**Listed entries:**
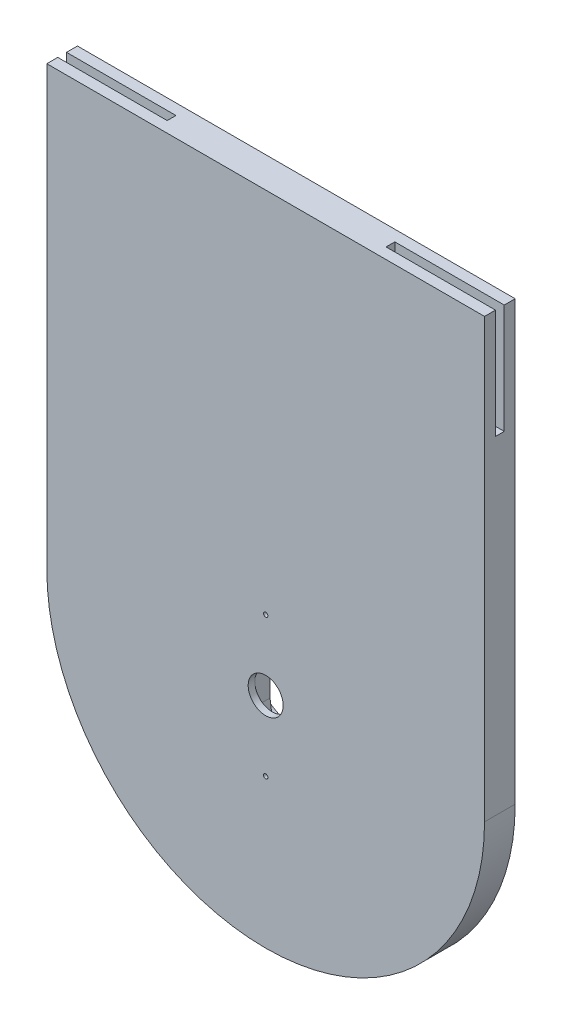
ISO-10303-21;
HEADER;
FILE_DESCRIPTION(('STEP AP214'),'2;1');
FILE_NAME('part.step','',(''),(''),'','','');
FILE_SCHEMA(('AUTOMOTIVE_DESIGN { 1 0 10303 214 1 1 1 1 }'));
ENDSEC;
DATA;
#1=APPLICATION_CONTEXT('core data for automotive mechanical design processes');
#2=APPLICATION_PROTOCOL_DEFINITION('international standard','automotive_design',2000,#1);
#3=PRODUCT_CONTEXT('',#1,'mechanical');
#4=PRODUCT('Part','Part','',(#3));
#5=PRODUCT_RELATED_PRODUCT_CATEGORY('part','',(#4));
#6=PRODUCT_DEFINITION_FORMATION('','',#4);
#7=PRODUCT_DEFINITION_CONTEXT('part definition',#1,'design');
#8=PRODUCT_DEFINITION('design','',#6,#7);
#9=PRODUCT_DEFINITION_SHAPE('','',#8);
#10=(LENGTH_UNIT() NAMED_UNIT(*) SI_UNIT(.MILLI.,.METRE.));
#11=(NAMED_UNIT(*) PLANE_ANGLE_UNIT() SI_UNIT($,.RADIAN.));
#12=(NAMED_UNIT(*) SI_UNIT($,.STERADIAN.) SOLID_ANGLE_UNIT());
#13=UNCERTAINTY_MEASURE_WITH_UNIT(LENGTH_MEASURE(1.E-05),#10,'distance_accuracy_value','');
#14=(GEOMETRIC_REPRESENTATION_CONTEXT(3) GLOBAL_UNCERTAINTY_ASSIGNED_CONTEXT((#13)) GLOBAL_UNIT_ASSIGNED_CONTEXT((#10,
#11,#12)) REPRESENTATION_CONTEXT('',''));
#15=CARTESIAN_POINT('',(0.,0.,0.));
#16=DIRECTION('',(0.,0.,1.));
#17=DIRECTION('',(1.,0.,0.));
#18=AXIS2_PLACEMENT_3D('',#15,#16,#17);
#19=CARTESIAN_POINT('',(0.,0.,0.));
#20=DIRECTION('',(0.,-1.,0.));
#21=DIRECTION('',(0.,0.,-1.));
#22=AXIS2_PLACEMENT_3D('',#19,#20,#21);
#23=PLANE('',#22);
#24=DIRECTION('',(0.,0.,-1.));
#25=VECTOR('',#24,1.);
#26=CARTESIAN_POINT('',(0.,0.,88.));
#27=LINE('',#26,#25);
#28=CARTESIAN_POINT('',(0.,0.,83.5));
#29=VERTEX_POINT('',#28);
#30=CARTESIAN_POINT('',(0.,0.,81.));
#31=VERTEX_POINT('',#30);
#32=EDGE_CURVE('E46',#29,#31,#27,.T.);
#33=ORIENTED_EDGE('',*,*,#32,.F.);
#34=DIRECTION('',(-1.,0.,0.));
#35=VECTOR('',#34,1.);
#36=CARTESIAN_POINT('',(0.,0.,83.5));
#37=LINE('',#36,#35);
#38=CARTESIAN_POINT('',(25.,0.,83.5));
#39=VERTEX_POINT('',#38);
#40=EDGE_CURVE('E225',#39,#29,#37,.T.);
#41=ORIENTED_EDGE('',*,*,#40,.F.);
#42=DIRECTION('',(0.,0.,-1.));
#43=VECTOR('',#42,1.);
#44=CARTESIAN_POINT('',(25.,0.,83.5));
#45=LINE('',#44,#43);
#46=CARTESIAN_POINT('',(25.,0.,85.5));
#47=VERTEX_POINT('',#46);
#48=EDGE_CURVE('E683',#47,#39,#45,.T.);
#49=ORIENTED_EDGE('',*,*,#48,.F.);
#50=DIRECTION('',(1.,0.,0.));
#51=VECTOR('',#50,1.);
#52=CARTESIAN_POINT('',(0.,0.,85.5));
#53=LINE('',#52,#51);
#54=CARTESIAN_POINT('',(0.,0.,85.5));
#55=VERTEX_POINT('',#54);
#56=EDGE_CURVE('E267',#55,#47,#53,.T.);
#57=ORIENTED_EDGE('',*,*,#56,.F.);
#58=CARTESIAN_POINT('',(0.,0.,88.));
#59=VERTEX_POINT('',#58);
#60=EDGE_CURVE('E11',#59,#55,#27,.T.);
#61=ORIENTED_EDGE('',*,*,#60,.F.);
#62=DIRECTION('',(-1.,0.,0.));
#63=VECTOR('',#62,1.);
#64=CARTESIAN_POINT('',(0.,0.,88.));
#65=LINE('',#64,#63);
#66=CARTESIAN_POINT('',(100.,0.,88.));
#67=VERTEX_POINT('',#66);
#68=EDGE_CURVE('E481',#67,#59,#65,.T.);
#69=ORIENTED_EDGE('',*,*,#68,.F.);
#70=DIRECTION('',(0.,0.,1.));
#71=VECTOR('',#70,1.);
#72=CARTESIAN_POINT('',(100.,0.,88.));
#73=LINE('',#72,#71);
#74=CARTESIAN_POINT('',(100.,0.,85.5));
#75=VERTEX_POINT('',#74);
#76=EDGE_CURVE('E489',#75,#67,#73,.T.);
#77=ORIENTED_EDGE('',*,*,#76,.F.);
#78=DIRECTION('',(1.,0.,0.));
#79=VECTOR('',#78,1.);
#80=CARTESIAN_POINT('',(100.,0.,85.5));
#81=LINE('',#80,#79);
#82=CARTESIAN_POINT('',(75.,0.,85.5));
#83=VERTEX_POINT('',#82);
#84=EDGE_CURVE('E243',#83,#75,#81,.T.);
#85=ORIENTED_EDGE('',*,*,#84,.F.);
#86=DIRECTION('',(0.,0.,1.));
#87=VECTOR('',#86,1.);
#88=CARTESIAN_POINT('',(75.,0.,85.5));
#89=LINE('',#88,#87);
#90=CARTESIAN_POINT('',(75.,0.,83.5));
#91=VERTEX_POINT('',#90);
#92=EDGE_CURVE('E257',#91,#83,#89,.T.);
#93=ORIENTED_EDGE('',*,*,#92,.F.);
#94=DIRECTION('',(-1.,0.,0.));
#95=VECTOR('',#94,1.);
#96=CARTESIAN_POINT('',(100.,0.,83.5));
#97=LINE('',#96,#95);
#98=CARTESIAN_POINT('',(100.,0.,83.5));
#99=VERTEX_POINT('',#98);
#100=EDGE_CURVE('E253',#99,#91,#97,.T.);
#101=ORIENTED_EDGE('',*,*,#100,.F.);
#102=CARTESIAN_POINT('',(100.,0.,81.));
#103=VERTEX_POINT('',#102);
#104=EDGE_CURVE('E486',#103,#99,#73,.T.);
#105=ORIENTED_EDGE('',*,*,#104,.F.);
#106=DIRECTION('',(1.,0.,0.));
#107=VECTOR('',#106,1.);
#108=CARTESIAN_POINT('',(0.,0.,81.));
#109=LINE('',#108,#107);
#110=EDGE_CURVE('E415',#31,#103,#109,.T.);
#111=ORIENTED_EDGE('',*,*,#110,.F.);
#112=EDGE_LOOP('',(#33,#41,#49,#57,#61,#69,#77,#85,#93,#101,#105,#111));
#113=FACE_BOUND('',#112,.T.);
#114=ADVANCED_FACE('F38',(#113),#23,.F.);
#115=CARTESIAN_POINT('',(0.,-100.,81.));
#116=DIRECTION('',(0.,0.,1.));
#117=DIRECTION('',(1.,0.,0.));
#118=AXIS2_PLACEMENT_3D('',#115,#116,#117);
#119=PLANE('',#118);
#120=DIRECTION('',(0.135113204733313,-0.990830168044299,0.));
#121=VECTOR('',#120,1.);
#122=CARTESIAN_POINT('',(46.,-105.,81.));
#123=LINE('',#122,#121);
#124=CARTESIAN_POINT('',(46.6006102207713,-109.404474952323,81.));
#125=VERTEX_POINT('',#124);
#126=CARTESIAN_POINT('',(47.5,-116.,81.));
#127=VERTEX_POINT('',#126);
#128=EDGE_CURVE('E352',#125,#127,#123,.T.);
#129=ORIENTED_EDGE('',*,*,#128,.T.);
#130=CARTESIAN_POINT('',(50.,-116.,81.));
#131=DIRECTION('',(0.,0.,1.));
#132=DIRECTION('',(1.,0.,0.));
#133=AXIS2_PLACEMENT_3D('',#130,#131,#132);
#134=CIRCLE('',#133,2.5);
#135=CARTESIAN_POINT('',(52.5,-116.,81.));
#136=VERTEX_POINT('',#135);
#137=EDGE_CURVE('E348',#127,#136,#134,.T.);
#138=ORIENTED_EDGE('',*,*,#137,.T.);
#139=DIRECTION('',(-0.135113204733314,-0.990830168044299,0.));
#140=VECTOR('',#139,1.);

**Exercise prompt:**
Omitting all pictures, restate exactly the lines of the material from its start through the line that contains "#39=VERTEX_POINT('',#38);".

**Response to the task:**
ISO-10303-21;
HEADER;
FILE_DESCRIPTION(('STEP AP214'),'2;1');
FILE_NAME('part.step','',(''),(''),'','','');
FILE_SCHEMA(('AUTOMOTIVE_DESIGN { 1 0 10303 214 1 1 1 1 }'));
ENDSEC;
DATA;
#1=APPLICATION_CONTEXT('core data for automotive mechanical design processes');
#2=APPLICATION_PROTOCOL_DEFINITION('international standard','automotive_design',2000,#1);
#3=PRODUCT_CONTEXT('',#1,'mechanical');
#4=PRODUCT('Part','Part','',(#3));
#5=PRODUCT_RELATED_PRODUCT_CATEGORY('part','',(#4));
#6=PRODUCT_DEFINITION_FORMATION('','',#4);
#7=PRODUCT_DEFINITION_CONTEXT('part definition',#1,'design');
#8=PRODUCT_DEFINITION('design','',#6,#7);
#9=PRODUCT_DEFINITION_SHAPE('','',#8);
#10=(LENGTH_UNIT() NAMED_UNIT(*) SI_UNIT(.MILLI.,.METRE.));
#11=(NAMED_UNIT(*) PLANE_ANGLE_UNIT() SI_UNIT($,.RADIAN.));
#12=(NAMED_UNIT(*) SI_UNIT($,.STERADIAN.) SOLID_ANGLE_UNIT());
#13=UNCERTAINTY_MEASURE_WITH_UNIT(LENGTH_MEASURE(1.E-05),#10,'distance_accuracy_value','');
#14=(GEOMETRIC_REPRESENTATION_CONTEXT(3) GLOBAL_UNCERTAINTY_ASSIGNED_CONTEXT((#13)) GLOBAL_UNIT_ASSIGNED_CONTEXT((#10,
#11,#12)) REPRESENTATION_CONTEXT('',''));
#15=CARTESIAN_POINT('',(0.,0.,0.));
#16=DIRECTION('',(0.,0.,1.));
#17=DIRECTION('',(1.,0.,0.));
#18=AXIS2_PLACEMENT_3D('',#15,#16,#17);
#19=CARTESIAN_POINT('',(0.,0.,0.));
#20=DIRECTION('',(0.,-1.,0.));
#21=DIRECTION('',(0.,0.,-1.));
#22=AXIS2_PLACEMENT_3D('',#19,#20,#21);
#23=PLANE('',#22);
#24=DIRECTION('',(0.,0.,-1.));
#25=VECTOR('',#24,1.);
#26=CARTESIAN_POINT('',(0.,0.,88.));
#27=LINE('',#26,#25);
#28=CARTESIAN_POINT('',(0.,0.,83.5));
#29=VERTEX_POINT('',#28);
#30=CARTESIAN_POINT('',(0.,0.,81.));
#31=VERTEX_POINT('',#30);
#32=EDGE_CURVE('E46',#29,#31,#27,.T.);
#33=ORIENTED_EDGE('',*,*,#32,.F.);
#34=DIRECTION('',(-1.,0.,0.));
#35=VECTOR('',#34,1.);
#36=CARTESIAN_POINT('',(0.,0.,83.5));
#37=LINE('',#36,#35);
#38=CARTESIAN_POINT('',(25.,0.,83.5));
#39=VERTEX_POINT('',#38);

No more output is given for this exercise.